Beginning with the line that contains "#96=FACE_BOUND('',#95,.T.);" in the material below, print each line exactly until the line that contains "#113=CYLINDRICAL_SURFACE('',#112,9.);" has been printed, then stop.

----- INPUT -----

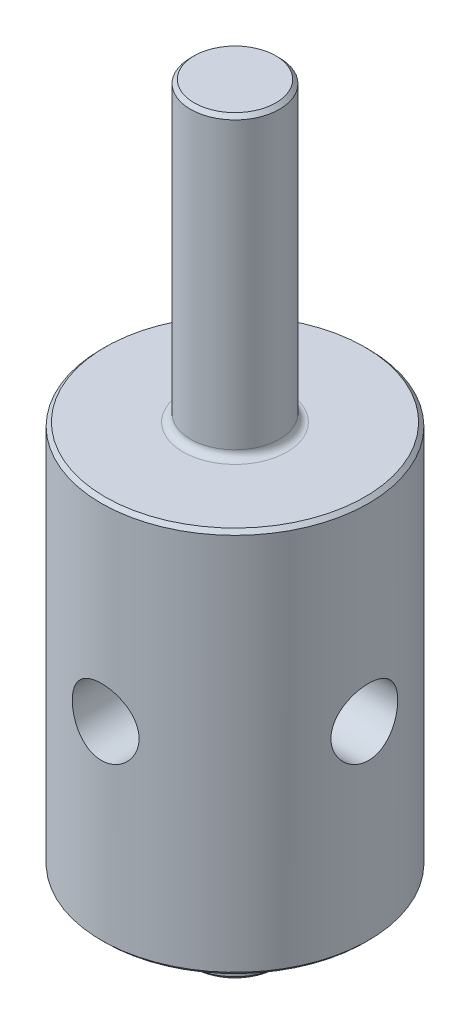
ISO-10303-21;
HEADER;
FILE_DESCRIPTION(('STEP AP214'),'2;1');
FILE_NAME('part.step','',(''),(''),'','','');
FILE_SCHEMA(('AUTOMOTIVE_DESIGN { 1 0 10303 214 1 1 1 1 }'));
ENDSEC;
DATA;
#1=APPLICATION_CONTEXT('core data for automotive mechanical design processes');
#2=APPLICATION_PROTOCOL_DEFINITION('international standard','automotive_design',2000,#1);
#3=PRODUCT_CONTEXT('',#1,'mechanical');
#4=PRODUCT('Part','Part','',(#3));
#5=PRODUCT_RELATED_PRODUCT_CATEGORY('part','',(#4));
#6=PRODUCT_DEFINITION_FORMATION('','',#4);
#7=PRODUCT_DEFINITION_CONTEXT('part definition',#1,'design');
#8=PRODUCT_DEFINITION('design','',#6,#7);
#9=PRODUCT_DEFINITION_SHAPE('','',#8);
#10=(LENGTH_UNIT() NAMED_UNIT(*) SI_UNIT(.MILLI.,.METRE.));
#11=(NAMED_UNIT(*) PLANE_ANGLE_UNIT() SI_UNIT($,.RADIAN.));
#12=(NAMED_UNIT(*) SI_UNIT($,.STERADIAN.) SOLID_ANGLE_UNIT());
#13=UNCERTAINTY_MEASURE_WITH_UNIT(LENGTH_MEASURE(1.E-05),#10,'distance_accuracy_value','');
#14=(GEOMETRIC_REPRESENTATION_CONTEXT(3) GLOBAL_UNCERTAINTY_ASSIGNED_CONTEXT((#13)) GLOBAL_UNIT_ASSIGNED_CONTEXT((#10,
#11,#12)) REPRESENTATION_CONTEXT('',''));
#15=CARTESIAN_POINT('',(0.,0.,0.));
#16=DIRECTION('',(0.,0.,1.));
#17=DIRECTION('',(1.,0.,0.));
#18=AXIS2_PLACEMENT_3D('',#15,#16,#17);
#19=CARTESIAN_POINT('',(3.,-17.5,0.));
#20=DIRECTION('',(0.,-1.,0.));
#21=DIRECTION('',(0.,0.,-1.));
#22=AXIS2_PLACEMENT_3D('',#19,#20,#21);
#23=PLANE('',#22);
#24=CARTESIAN_POINT('',(0.,-17.5,0.));
#25=DIRECTION('',(0.,-1.,0.));
#26=DIRECTION('',(0.,0.,-1.));
#27=AXIS2_PLACEMENT_3D('',#24,#25,#26);
#28=CIRCLE('',#27,2.75);
#29=CARTESIAN_POINT('',(0.,-17.5,-2.75));
#30=VERTEX_POINT('',#29);
#31=EDGE_CURVE('E75',#30,#30,#28,.T.);
#32=ORIENTED_EDGE('',*,*,#31,.T.);
#33=EDGE_LOOP('',(#32));
#34=FACE_BOUND('',#33,.T.);
#35=ADVANCED_FACE('F37',(#34),#23,.T.);
#36=CARTESIAN_POINT('',(0.,33.,0.));
#37=DIRECTION('',(0.,1.,0.));
#38=DIRECTION('',(0.,0.,1.));
#39=AXIS2_PLACEMENT_3D('',#36,#37,#38);
#40=PLANE('',#39);
#41=CARTESIAN_POINT('',(0.,33.,0.));
#42=DIRECTION('',(0.,1.,0.));
#43=DIRECTION('',(0.,0.,1.));
#44=AXIS2_PLACEMENT_3D('',#41,#42,#43);
#45=CIRCLE('',#44,2.75);
#46=CARTESIAN_POINT('',(0.,33.,2.75));
#47=VERTEX_POINT('',#46);
#48=EDGE_CURVE('E84',#47,#47,#45,.T.);
#49=ORIENTED_EDGE('',*,*,#48,.T.);
#50=EDGE_LOOP('',(#49));
#51=FACE_BOUND('',#50,.T.);
#52=ADVANCED_FACE('F126',(#51),#40,.T.);
#53=CARTESIAN_POINT('',(0.,0.,0.));
#54=DIRECTION('',(0.,-1.,0.));
#55=DIRECTION('',(0.,0.,-1.));
#56=AXIS2_PLACEMENT_3D('',#53,#54,#55);
#57=CYLINDRICAL_SURFACE('',#56,3.);
#58=CARTESIAN_POINT('',(0.,32.75,0.));
#59=DIRECTION('',(0.,1.,0.));
#60=DIRECTION('',(0.,0.,1.));
#61=AXIS2_PLACEMENT_3D('',#58,#59,#60);
#62=CIRCLE('',#61,3.);
#63=CARTESIAN_POINT('',(0.,32.75,3.));
#64=VERTEX_POINT('',#63);
#65=EDGE_CURVE('E81',#64,#64,#62,.F.);
#66=ORIENTED_EDGE('',*,*,#65,.T.);
#67=EDGE_LOOP('',(#66));
#68=FACE_BOUND('',#67,.T.);
#69=CARTESIAN_POINT('',(0.,13.5,0.));
#70=DIRECTION('',(0.,1.,0.));
#71=DIRECTION('',(0.,0.,1.));
#72=AXIS2_PLACEMENT_3D('',#69,#70,#71);
#73=CIRCLE('',#72,3.);
#74=CARTESIAN_POINT('',(0.,13.5,3.));
#75=VERTEX_POINT('',#74);
#76=EDGE_CURVE('E72',#75,#75,#73,.T.);
#77=ORIENTED_EDGE('',*,*,#76,.T.);
#78=EDGE_LOOP('',(#77));
#79=FACE_BOUND('',#78,.T.);
#80=ADVANCED_FACE('F132',(#68,#79),#57,.T.);
#81=CARTESIAN_POINT('',(9.,13.,0.));
#82=DIRECTION('',(0.,1.,0.));
#83=DIRECTION('',(0.,0.,1.));
#84=AXIS2_PLACEMENT_3D('',#81,#82,#83);
#85=PLANE('',#84);
#86=CARTESIAN_POINT('',(0.,13.,0.));
#87=DIRECTION('',(0.,1.,0.));
#88=DIRECTION('',(0.,0.,1.));
#89=AXIS2_PLACEMENT_3D('',#86,#87,#88);
#90=CIRCLE('',#89,8.74999999999999);
#91=CARTESIAN_POINT('',(0.,13.,8.74999999999999));
#92=VERTEX_POINT('',#91);
#93=EDGE_CURVE('E11',#92,#92,#90,.T.);
#94=ORIENTED_EDGE('',*,*,#93,.T.);
#95=EDGE_LOOP('',(#94));
#96=FACE_BOUND('',#95,.T.);
#97=CARTESIAN_POINT('',(0.,13.,0.));
#98=DIRECTION('',(0.,1.,0.));
#99=DIRECTION('',(0.,0.,1.));
#100=AXIS2_PLACEMENT_3D('',#97,#98,#99);
#101=CIRCLE('',#100,3.5);
#102=CARTESIAN_POINT('',(0.,13.,3.5));
#103=VERTEX_POINT('',#102);
#104=EDGE_CURVE('E69',#103,#103,#101,.F.);
#105=ORIENTED_EDGE('',*,*,#104,.T.);
#106=EDGE_LOOP('',(#105));
#107=FACE_BOUND('',#106,.T.);
#108=ADVANCED_FACE('F154',(#96,#107),#85,.T.);
#109=CARTESIAN_POINT('',(0.,0.,0.));
#110=DIRECTION('',(0.,-1.,0.));
#111=DIRECTION('',(0.,0.,-1.));
#112=AXIS2_PLACEMENT_3D('',#109,#110,#111);
#113=CYLINDRICAL_SURFACE('',#112,9.);
#114=CARTESIAN_POINT('',(0.,-12.75,0.));
#115=DIRECTION('',(0.,-1.,0.));
#116=DIRECTION('',(0.,0.,-1.));
#117=AXIS2_PLACEMENT_3D('',#114,#115,#116);
#118=CIRCLE('',#117,9.);
#119=CARTESIAN_POINT('',(0.,-12.75,-9.));
#120=VERTEX_POINT('',#119);
#121=EDGE_CURVE('E45',#120,#120,#118,.F.);
#122=ORIENTED_EDGE('',*,*,#121,.T.);
#123=EDGE_LOOP('',(#122));
#124=FACE_BOUND('',#123,.T.);
#125=CARTESIAN_POINT('',(0.,12.75,0.));
#126=DIRECTION('',(0.,1.,0.));
#127=DIRECTION('',(0.,0.,1.));
#128=AXIS2_PLACEMENT_3D('',#125,#126,#127);
#129=CIRCLE('',#128,9.);
#130=CARTESIAN_POINT('',(0.,12.75,9.));
#131=VERTEX_POINT('',#130);
#132=EDGE_CURVE('E90',#131,#131,#129,.F.);
#133=ORIENTED_EDGE('',*,*,#132,.T.);
#134=EDGE_LOOP('',(#133));
#135=FACE_BOUND('',#134,.T.);
#136=CARTESIAN_POINT('',(2.24999999999999,0.,8.71421252896669));
#137=CARTESIAN_POINT('',(2.24999647073376,0.124245675833919,8.71421490079074));
#138=CARTESIAN_POINT('',(2.23967362094788,0.248530408810669,8.71689875413138));
#139=CARTESIAN_POINT('',(2.19872081291741,0.493530820356157,8.72731675793308));
#140=CARTESIAN_POINT('',(2.16807903606789,0.614244379021365,8.73505384759467));
#141=CARTESIAN_POINT('',(2.08754207966883,0.848523184368461,8.75464852136536));
#142=CARTESIAN_POINT('',(2.03767175506903,0.962097439847133,8.76650078421412));
#143=CARTESIAN_POINT('',(1.92016902713524,1.17927976728589,8.79298372825883));
#144=CARTESIAN_POINT('',(1.85253586970461,1.28288741587219,8.80761452740641));
#145=CARTESIAN_POINT('',(1.69983758458069,1.47947548073599,8.83836644720063));
#146=CARTESIAN_POINT('',(1.61445319893364,1.57220424031504,8.85451137860731));
#147=CARTESIAN_POINT('',(1.42936385769059,1.7421852549243,8.88626587963765));
#148=CARTESIAN_POINT('',(1.32965756476227,1.81943606305957,8.9018753990975));
#149=CARTESIAN_POINT('',(1.11703068097106,1.95729792086814,8.93106373968524));
#150=CARTESIAN_POINT('',(1.0039451185756,2.01766174934531,8.94461118660534));
#151=CARTESIAN_POINT('',(0.768836865863483,2.11842867973777,8.96787730733386));
#152=CARTESIAN_POINT('',(0.646815497212744,2.15883472672396,8.9775965460091));
#153=CARTESIAN_POINT('',(0.399922882878743,2.21773305112072,8.99194282963362));
#154=CARTESIAN_POINT('',(0.275159447594076,2.23665267989392,8.99666904459883));
#155=CARTESIAN_POINT('',(0.0241459373364916,2.25338254134799,9.00084234696568));
#156=CARTESIAN_POINT('',(-0.102103915084262,2.25119589498863,9.00029021487035));
#157=CARTESIAN_POINT('',(-0.349542556137871,2.22608263477486,8.9940428545818));
#158=CARTESIAN_POINT('',(-0.4707814851024,2.20361730745152,8.98846202106784));
#159=CARTESIAN_POINT('',(-0.707711056680792,2.13932585695634,8.97291752872372));
#160=CARTESIAN_POINT('',(-0.823401403583483,2.09749870316032,8.96295363658607));
#161=CARTESIAN_POINT('',(-1.04716508287906,1.99529768638164,8.93958758730796));
#162=CARTESIAN_POINT('',(-1.15516014697463,1.93475965980442,8.9261551772551));
#163=CARTESIAN_POINT('',(-1.3596201502661,1.79697988879536,8.89730913428723));
#164=CARTESIAN_POINT('',(-1.45608307894238,1.71973523829543,8.88189515687385));
#165=CARTESIAN_POINT('',(-1.63749157894114,1.54826213221586,8.85027342392421));
#166=CARTESIAN_POINT('',(-1.72205477791919,1.45363059688702,8.83405547572768));
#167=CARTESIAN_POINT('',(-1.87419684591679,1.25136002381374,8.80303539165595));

-----

**TASK RESULT**.
#96=FACE_BOUND('',#95,.T.);
#97=CARTESIAN_POINT('',(0.,13.,0.));
#98=DIRECTION('',(0.,1.,0.));
#99=DIRECTION('',(0.,0.,1.));
#100=AXIS2_PLACEMENT_3D('',#97,#98,#99);
#101=CIRCLE('',#100,3.5);
#102=CARTESIAN_POINT('',(0.,13.,3.5));
#103=VERTEX_POINT('',#102);
#104=EDGE_CURVE('E69',#103,#103,#101,.F.);
#105=ORIENTED_EDGE('',*,*,#104,.T.);
#106=EDGE_LOOP('',(#105));
#107=FACE_BOUND('',#106,.T.);
#108=ADVANCED_FACE('F154',(#96,#107),#85,.T.);
#109=CARTESIAN_POINT('',(0.,0.,0.));
#110=DIRECTION('',(0.,-1.,0.));
#111=DIRECTION('',(0.,0.,-1.));
#112=AXIS2_PLACEMENT_3D('',#109,#110,#111);
#113=CYLINDRICAL_SURFACE('',#112,9.);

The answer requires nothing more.